[Data for this task — start]

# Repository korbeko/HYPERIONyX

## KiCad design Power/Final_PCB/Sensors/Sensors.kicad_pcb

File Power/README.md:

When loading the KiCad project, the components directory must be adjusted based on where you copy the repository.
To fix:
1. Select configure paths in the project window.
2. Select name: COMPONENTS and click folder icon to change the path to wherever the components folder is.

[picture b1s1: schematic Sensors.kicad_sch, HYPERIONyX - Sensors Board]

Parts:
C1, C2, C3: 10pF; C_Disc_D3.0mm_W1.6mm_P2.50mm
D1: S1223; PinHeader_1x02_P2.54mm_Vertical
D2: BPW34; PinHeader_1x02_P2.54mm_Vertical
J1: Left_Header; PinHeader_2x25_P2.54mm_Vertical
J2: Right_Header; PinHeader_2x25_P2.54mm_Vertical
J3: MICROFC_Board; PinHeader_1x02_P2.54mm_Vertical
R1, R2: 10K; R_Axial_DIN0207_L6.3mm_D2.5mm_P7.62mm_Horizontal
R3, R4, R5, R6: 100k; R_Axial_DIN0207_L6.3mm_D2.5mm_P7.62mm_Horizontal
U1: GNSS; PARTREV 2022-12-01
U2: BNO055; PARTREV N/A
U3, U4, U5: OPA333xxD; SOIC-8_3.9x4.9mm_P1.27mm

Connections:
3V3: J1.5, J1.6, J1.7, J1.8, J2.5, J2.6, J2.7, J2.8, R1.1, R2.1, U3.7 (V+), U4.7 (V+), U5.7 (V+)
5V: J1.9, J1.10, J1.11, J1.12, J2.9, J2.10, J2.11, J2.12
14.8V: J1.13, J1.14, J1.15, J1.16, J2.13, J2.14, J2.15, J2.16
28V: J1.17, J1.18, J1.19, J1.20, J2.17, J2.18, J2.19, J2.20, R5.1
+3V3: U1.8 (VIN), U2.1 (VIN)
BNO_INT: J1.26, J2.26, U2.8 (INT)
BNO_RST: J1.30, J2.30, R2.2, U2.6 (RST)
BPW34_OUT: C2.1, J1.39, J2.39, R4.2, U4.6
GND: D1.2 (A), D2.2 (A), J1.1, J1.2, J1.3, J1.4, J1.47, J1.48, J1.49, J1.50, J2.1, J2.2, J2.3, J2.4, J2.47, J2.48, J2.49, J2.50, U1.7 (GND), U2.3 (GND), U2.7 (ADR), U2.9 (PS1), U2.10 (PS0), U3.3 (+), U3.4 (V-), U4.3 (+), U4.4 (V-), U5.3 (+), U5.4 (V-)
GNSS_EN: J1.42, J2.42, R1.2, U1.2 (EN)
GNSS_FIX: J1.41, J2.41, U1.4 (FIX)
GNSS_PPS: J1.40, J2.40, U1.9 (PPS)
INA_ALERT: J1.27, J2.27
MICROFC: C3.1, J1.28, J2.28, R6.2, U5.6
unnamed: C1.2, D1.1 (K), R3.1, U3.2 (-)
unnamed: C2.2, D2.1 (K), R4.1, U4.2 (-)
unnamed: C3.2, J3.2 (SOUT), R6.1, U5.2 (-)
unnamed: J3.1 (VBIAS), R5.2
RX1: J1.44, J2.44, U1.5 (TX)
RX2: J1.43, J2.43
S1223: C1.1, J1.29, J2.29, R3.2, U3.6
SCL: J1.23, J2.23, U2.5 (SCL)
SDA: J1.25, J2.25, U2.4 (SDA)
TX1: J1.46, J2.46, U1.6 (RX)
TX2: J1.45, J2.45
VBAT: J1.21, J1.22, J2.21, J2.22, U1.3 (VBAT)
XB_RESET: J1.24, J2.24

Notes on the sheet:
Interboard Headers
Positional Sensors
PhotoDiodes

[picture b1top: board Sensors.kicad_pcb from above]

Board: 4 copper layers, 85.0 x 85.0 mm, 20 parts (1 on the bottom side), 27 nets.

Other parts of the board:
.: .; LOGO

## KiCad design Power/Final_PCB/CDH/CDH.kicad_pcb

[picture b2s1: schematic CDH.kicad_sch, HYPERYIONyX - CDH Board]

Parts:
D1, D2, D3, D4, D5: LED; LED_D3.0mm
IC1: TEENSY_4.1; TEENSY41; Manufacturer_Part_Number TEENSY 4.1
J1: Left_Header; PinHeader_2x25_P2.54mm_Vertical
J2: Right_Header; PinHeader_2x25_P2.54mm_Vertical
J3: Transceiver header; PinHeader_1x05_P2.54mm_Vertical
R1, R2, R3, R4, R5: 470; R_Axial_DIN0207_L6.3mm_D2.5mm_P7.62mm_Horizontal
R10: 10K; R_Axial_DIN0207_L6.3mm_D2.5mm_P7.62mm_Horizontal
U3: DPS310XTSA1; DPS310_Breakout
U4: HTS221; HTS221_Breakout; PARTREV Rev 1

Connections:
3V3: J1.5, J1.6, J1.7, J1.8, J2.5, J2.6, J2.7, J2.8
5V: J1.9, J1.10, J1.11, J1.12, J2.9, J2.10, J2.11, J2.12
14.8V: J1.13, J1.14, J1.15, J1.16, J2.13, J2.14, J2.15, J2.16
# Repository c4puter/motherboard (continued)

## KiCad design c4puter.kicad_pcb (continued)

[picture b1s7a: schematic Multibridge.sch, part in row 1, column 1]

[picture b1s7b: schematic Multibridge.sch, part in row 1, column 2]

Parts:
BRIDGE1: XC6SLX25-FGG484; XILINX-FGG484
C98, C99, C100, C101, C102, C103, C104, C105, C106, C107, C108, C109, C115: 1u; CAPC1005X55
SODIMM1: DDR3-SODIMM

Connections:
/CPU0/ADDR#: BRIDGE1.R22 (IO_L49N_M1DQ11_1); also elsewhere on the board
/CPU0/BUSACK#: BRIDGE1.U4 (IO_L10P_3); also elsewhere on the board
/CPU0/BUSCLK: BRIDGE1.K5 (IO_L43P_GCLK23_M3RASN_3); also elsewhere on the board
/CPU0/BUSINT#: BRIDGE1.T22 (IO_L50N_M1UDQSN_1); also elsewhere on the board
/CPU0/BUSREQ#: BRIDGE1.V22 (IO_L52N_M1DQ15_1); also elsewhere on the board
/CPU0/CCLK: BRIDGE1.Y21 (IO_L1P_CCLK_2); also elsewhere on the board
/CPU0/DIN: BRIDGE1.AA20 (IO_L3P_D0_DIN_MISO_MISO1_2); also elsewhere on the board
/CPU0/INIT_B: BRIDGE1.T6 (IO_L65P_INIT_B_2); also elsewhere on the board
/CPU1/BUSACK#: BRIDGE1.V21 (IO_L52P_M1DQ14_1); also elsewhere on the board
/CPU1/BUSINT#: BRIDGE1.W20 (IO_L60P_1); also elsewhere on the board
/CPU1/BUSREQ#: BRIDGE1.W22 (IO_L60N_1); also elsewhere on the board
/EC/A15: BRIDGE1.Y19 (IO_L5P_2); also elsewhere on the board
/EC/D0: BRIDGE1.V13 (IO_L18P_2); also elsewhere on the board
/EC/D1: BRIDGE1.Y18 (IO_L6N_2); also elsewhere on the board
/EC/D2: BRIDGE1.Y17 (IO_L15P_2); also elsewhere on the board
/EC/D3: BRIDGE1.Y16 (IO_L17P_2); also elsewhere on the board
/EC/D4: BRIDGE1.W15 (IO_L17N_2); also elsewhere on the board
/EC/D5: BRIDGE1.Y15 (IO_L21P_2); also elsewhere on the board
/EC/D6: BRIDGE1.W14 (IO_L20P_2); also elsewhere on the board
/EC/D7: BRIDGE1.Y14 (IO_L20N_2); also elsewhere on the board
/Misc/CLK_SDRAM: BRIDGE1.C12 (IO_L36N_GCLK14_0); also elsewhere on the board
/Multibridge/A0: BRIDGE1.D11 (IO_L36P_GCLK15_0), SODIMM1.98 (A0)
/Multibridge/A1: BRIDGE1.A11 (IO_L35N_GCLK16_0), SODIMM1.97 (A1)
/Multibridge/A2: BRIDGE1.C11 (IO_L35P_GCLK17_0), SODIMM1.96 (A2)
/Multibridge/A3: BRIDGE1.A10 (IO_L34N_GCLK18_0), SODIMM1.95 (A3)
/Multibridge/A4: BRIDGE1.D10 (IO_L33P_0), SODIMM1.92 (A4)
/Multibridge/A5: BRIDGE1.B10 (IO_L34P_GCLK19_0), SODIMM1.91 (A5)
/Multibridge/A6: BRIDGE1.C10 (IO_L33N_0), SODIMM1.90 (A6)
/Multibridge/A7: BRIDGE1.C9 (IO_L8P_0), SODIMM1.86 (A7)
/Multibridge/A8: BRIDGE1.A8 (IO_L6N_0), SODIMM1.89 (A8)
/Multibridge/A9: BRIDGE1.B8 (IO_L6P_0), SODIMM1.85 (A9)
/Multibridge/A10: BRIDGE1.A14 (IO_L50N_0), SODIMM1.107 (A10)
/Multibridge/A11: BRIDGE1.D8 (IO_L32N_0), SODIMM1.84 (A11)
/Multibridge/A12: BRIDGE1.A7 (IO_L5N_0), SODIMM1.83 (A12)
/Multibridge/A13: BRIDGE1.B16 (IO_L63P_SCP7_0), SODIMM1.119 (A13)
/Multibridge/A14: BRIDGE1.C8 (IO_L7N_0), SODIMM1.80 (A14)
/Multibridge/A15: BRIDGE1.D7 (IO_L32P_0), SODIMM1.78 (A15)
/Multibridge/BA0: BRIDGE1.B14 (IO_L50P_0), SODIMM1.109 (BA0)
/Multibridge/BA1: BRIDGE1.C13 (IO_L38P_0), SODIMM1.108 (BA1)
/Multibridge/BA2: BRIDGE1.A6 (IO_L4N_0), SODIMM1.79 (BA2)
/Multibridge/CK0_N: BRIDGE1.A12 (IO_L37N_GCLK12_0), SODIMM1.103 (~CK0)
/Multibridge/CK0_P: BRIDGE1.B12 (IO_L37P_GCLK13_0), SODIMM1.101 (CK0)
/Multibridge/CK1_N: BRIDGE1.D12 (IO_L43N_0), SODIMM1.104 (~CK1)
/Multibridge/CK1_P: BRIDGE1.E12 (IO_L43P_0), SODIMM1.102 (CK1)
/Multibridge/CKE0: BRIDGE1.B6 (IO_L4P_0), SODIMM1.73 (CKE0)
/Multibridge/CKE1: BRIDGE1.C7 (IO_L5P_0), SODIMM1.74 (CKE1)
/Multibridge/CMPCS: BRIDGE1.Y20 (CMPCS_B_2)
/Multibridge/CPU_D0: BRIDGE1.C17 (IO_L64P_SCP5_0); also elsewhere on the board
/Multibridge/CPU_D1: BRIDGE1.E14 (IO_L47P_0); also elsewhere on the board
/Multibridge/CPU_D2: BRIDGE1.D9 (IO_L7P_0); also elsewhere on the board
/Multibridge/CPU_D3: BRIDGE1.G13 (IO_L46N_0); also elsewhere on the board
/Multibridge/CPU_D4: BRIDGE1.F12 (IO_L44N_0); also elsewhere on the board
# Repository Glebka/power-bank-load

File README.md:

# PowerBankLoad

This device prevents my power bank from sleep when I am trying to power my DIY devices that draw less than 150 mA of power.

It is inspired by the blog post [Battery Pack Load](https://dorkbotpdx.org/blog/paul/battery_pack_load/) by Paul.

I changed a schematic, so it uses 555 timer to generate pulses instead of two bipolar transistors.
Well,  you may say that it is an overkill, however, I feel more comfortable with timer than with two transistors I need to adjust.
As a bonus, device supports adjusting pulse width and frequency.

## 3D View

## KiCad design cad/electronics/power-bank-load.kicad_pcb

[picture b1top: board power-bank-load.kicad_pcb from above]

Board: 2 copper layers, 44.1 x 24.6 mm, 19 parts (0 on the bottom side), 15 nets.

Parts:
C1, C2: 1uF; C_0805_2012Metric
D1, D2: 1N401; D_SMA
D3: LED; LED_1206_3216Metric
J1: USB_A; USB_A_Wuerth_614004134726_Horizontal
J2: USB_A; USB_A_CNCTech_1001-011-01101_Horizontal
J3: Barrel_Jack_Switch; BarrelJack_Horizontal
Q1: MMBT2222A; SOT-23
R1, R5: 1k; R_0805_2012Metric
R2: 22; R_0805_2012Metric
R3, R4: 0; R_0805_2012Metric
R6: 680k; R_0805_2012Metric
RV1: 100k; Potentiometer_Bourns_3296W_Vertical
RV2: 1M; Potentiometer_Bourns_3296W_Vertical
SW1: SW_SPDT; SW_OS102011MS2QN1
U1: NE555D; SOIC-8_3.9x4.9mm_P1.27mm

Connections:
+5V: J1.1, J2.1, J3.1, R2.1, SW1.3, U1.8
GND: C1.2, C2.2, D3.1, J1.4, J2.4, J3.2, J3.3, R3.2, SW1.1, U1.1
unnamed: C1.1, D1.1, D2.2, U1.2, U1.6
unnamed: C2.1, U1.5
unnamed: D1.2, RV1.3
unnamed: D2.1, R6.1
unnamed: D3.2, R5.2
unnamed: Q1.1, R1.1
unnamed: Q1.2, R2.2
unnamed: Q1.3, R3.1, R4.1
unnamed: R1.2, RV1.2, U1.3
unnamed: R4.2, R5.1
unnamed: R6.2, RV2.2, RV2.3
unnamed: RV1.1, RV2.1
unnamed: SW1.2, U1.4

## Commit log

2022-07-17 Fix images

[Data for this task — finish]

[Prompt]
Transcribe, exactly and without additions, the lines of the records above, beginning with the line that contains "(IO_L3P_D0_DIN_MISO_MISO1_2); also elsewhere on the board" and ending with the line that contains "(IO_L15P_2); also elsewhere on the board", both included.

[Finished task]
/CPU0/DIN: BRIDGE1.AA20 (IO_L3P_D0_DIN_MISO_MISO1_2); also elsewhere on the board
/CPU0/INIT_B: BRIDGE1.T6 (IO_L65P_INIT_B_2); also elsewhere on the board
/CPU1/BUSACK#: BRIDGE1.V21 (IO_L52P_M1DQ14_1); also elsewhere on the board
/CPU1/BUSINT#: BRIDGE1.W20 (IO_L60P_1); also elsewhere on the board
/CPU1/BUSREQ#: BRIDGE1.W22 (IO_L60N_1); also elsewhere on the board
/EC/A15: BRIDGE1.Y19 (IO_L5P_2); also elsewhere on the board
/EC/D0: BRIDGE1.V13 (IO_L18P_2); also elsewhere on the board
/EC/D1: BRIDGE1.Y18 (IO_L6N_2); also elsewhere on the board
/EC/D2: BRIDGE1.Y17 (IO_L15P_2); also elsewhere on the board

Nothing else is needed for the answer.